I see you have a Duo 64, so it’s not the same chip as the Duo 256. Does the image on the Duo 64 support the vector extension?
Hmmm, I see here that the RISC-V CPU is the same on both duos. Only the Arm is not present on the Duo 64. So did you execute the vector code on the Duo 64?
Good for you. Why can’t I manage to run it on the Duo256 without an ‘illegal instruction’ error then? Is there an image for the Duo256 which allows for vector instructions?
Thanks for your help. I’m sorry but I’m abroad for one week, and far from the board. I think I use the official image for the Duo256. I’ll check when I’m back.
I’ve been experimenting more with vectors using the RVV intrinsics - it’s basically working but I thought I’d drop some references here that might be helpful.
First, there are a lot of vector instructions - when you cover all the different data formats (various bitwidths, integers, fixed and floating point, etc) it adds up. The document that covers what all is available is here:
Note that document doesn’t tell you what the actual syntax for the intrinsic is - for that you need a different set of documents:
On top of that, even these docs don’t give you the exact syntax, but they’ll get you close - basically you remove the __riscv_ from the beginning of the names an you’ll be fine. But then I’ve found a few cases where the number of parameters doesn’t match up and then you need to look into the riscv_vector.h file for more clues.
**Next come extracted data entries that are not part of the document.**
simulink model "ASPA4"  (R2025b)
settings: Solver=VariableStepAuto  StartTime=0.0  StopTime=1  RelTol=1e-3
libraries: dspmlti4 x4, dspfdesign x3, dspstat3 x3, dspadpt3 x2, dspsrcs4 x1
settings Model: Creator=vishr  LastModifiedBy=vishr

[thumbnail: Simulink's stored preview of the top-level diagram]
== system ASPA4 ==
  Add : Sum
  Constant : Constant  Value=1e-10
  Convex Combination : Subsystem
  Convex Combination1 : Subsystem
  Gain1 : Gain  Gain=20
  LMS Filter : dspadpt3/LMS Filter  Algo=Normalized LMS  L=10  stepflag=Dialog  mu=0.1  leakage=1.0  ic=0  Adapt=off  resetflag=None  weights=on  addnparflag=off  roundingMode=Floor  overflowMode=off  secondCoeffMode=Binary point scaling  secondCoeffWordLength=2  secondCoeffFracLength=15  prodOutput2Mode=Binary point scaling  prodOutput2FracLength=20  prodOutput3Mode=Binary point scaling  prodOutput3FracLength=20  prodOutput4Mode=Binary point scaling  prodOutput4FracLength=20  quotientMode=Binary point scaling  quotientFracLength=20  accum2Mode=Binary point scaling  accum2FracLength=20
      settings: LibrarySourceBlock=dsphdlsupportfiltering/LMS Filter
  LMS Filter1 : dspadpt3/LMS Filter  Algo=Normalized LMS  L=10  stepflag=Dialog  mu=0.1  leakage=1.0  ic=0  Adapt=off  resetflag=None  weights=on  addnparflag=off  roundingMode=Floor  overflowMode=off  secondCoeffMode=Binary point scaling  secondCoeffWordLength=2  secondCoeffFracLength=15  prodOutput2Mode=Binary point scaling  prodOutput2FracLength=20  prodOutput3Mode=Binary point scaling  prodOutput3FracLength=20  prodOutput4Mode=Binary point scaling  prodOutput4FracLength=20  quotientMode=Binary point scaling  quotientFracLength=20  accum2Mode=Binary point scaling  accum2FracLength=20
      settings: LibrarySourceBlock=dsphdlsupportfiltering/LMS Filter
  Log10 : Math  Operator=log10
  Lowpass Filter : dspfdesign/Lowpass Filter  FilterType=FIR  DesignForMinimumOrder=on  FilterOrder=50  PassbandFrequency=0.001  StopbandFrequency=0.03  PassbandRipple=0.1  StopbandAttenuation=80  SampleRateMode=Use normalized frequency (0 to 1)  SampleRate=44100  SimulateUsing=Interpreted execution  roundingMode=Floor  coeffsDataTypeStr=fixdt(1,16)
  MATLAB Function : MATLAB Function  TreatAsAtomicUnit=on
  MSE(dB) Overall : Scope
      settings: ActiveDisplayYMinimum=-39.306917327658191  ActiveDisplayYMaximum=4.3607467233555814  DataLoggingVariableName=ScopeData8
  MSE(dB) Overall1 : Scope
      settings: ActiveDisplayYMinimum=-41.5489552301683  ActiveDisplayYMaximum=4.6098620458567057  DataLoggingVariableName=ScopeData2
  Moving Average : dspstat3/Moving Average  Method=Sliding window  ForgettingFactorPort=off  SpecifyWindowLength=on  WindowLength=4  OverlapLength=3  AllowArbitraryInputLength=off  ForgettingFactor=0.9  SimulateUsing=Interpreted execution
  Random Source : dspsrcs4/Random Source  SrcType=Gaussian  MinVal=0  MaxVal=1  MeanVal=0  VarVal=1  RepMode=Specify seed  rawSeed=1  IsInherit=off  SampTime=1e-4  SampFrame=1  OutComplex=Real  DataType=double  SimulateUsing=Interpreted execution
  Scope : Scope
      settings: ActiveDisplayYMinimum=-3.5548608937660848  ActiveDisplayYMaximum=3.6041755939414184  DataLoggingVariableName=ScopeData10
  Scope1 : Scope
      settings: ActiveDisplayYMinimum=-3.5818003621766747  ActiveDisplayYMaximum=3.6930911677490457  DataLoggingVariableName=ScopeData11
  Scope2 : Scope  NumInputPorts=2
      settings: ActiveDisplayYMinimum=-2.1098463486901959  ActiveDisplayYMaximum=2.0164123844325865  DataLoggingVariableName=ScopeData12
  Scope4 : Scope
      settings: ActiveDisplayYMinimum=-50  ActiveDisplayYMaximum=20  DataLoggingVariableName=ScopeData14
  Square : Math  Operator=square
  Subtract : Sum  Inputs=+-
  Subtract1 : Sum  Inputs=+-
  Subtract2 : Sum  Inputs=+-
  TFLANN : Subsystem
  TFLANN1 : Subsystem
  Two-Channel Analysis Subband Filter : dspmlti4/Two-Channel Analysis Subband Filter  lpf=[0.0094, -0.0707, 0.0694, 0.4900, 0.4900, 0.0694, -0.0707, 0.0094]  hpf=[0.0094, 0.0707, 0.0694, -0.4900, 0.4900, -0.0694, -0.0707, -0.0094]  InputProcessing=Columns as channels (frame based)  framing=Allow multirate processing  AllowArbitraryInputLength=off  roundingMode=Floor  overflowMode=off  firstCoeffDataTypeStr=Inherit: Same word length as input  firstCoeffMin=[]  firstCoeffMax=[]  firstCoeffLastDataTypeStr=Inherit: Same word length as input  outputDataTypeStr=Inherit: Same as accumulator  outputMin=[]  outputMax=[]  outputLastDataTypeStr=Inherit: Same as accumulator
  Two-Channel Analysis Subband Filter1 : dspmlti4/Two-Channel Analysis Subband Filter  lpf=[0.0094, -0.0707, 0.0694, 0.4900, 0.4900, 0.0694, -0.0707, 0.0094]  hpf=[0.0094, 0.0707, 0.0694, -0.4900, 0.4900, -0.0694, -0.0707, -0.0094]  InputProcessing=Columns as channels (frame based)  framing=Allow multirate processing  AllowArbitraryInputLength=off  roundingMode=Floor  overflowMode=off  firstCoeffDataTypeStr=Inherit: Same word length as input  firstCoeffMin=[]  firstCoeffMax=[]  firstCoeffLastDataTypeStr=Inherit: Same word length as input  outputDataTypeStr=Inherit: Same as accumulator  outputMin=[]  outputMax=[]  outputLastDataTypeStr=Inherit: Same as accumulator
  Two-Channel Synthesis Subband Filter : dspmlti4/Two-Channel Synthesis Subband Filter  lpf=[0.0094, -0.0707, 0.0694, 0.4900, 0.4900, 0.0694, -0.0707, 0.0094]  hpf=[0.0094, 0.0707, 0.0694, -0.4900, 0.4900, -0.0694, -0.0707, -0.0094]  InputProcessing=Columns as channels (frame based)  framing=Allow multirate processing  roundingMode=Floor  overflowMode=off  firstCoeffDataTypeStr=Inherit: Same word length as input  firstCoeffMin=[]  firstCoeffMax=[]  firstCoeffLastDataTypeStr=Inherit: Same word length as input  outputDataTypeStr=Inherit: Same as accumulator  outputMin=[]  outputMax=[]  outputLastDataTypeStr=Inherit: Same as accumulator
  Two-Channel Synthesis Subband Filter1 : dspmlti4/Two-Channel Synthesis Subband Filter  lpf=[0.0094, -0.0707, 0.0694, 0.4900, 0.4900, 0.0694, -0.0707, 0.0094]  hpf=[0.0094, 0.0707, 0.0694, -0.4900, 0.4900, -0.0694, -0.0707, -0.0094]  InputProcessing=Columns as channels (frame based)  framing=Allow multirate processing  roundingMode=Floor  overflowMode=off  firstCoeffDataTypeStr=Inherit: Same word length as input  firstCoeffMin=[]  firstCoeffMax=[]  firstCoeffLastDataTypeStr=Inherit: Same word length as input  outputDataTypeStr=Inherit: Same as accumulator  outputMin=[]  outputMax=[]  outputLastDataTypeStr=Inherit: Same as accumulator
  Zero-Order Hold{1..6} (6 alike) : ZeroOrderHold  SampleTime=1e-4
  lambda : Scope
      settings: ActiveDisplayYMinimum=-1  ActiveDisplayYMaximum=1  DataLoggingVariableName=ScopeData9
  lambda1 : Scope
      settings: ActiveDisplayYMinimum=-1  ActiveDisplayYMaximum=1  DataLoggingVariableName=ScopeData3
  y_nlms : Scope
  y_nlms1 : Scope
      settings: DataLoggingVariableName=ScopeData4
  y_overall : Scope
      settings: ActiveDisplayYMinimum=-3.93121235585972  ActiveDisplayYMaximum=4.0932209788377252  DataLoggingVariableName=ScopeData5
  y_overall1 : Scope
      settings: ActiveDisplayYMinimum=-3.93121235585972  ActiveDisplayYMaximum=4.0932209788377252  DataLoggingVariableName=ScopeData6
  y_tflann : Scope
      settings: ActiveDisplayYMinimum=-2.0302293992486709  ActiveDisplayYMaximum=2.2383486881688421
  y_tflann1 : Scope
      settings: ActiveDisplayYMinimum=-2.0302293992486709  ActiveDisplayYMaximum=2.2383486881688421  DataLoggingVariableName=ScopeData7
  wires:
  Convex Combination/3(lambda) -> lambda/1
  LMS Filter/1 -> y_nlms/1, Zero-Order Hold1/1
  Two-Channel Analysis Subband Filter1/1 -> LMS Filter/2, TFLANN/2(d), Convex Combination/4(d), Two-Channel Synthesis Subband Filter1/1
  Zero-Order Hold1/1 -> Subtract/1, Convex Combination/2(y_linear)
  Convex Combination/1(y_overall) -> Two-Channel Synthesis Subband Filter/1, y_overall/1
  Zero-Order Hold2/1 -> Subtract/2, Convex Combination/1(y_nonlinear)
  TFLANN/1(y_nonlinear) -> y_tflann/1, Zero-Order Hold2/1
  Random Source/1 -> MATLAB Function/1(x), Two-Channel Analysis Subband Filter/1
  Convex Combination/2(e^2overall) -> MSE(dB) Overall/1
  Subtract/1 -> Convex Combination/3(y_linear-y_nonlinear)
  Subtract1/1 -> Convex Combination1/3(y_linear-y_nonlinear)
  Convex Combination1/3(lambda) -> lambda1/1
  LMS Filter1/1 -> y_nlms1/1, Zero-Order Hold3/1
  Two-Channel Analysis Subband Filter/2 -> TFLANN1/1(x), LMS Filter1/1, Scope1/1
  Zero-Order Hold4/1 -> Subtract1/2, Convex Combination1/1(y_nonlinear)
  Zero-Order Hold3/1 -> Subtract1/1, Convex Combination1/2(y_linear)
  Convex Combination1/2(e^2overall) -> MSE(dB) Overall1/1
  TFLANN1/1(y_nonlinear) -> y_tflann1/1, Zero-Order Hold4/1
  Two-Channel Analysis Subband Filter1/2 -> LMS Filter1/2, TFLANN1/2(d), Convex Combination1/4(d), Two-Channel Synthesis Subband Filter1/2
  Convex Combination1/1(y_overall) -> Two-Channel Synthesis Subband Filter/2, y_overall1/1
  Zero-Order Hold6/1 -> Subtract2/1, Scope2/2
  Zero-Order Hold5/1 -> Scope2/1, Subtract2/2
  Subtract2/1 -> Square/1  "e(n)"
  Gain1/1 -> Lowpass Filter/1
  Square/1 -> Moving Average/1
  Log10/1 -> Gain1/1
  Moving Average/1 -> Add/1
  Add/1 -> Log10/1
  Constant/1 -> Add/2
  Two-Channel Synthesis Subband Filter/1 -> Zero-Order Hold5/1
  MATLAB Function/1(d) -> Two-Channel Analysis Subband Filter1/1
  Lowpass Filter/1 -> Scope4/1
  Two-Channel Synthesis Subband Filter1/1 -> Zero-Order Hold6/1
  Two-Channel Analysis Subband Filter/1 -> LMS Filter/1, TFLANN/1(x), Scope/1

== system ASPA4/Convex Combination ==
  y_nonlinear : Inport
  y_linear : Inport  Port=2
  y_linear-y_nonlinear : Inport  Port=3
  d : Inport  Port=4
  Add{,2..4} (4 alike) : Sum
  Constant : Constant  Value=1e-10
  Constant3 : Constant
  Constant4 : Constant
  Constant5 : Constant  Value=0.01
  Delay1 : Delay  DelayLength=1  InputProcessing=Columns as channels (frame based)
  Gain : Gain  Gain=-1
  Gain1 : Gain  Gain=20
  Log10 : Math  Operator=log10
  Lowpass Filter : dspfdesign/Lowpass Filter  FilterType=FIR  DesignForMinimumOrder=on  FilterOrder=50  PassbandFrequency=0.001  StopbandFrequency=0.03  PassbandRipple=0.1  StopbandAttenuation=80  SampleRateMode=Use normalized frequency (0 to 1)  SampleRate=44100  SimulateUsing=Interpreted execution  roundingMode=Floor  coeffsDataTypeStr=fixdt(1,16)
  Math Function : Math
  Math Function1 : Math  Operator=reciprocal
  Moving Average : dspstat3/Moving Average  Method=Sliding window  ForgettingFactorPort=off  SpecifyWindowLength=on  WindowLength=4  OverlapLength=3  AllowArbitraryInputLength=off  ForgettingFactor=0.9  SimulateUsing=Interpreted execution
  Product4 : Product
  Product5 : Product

But my initial wonder is about how to execute the vectorized code on the Duo 256. My image doesn’t support the vector extension. So where can I find such an image with vector support, or how can I make one myself?
Grab one of those for your board, flash it to a micro SD card and then try your vector code out on that.
I assume you’ve also got a recent install of ‘duo-examples’ that includes the host-tools for building user-space apps. That’s what I’m using for my tests.
I’ve been testing out some more complex vector stuff and built a “test harness” that lets me write scalar and vector functions to compare their math and timing. Interestingly, I’m not seeing huge gains - for example here’s a pair of functions that do exactly the same thing - complex multiplication of Re,Im interleaved data and I’m seeing only about a 25-30% speedup for the vector operations:
/*
* this is the original non-vector code
*/
void scalar_func1(float *pSrc, int len)
{
for(int i = 0 ; i < len ; i++)
{
float re = pSrc[2*i] * twiddles[2*i] - pSrc[2*i+1] * twiddles[2*i+1];
float im = pSrc[2*i] * twiddles[2*i+1] + pSrc[2*i+1] * twiddles[2*i];
pSrc[2*i] = re;
pSrc[2*i+1] = im;
}
}
/*
* this is the vectorized version - does it match?
*/
void vector_func1(float *pSrc, int len)
{
size_t i = 0;
while(i < len)
{
/* how many lanes to use this pass */
size_t vl = vsetvl_e32m1(len - i);
/* load real & imag w/ stride of 2 for interleaved */
vfloat32m1_t va = vlse32_v_f32m1(pSrc + 2*i, 2*sizeof(float), vl);
vfloat32m1_t vb = vlse32_v_f32m1(pSrc + 2*i + 1, 2*sizeof(float), vl);
vfloat32m1_t vc = vlse32_v_f32m1(twiddles + 2*i, 2*sizeof(float), vl);
vfloat32m1_t vd = vlse32_v_f32m1(twiddles + 2*i + 1, 2*sizeof(float), vl);
/* multiplies */
vfloat32m1_t vac = vfmul_vv_f32m1(va, vc, vl);
vfloat32m1_t vbd = vfmul_vv_f32m1(vb, vd, vl);
vfloat32m1_t vad = vfmul_vv_f32m1(va, vd, vl);
vfloat32m1_t vbc = vfmul_vv_f32m1(vb, vc, vl);
/* sums */
vfloat32m1_t vre = vfsub_vv_f32m1(vac, vbd, vl);
vfloat32m1_t vim = vfadd_vv_f32m1(vad, vbc, vl);
/* store real & imag w/ stride for 2 for interleaved */
vsse32_v_f32m1(pSrc + 2*i, 2*sizeof(float), vre, vl);
vsse32_v_f32m1(pSrc + 2*i + 1, 2*sizeof(float), vim, vl);
i += vl;
}
}
I’ll be checking out some more extensive operations, but these kinds of gains are not as impressive as I’d hoped. Looking at the disassembled code there’s quite a lot of non-vector stuff needed in the looping and addressing though and that overhead may be skewing the results on simple operations like this. It may also be that using C intrinsics is leaving some performance on the table - I’ve seen suggestions from more experienced folks that it’s best to use assembly to get the best gains so I may look into that.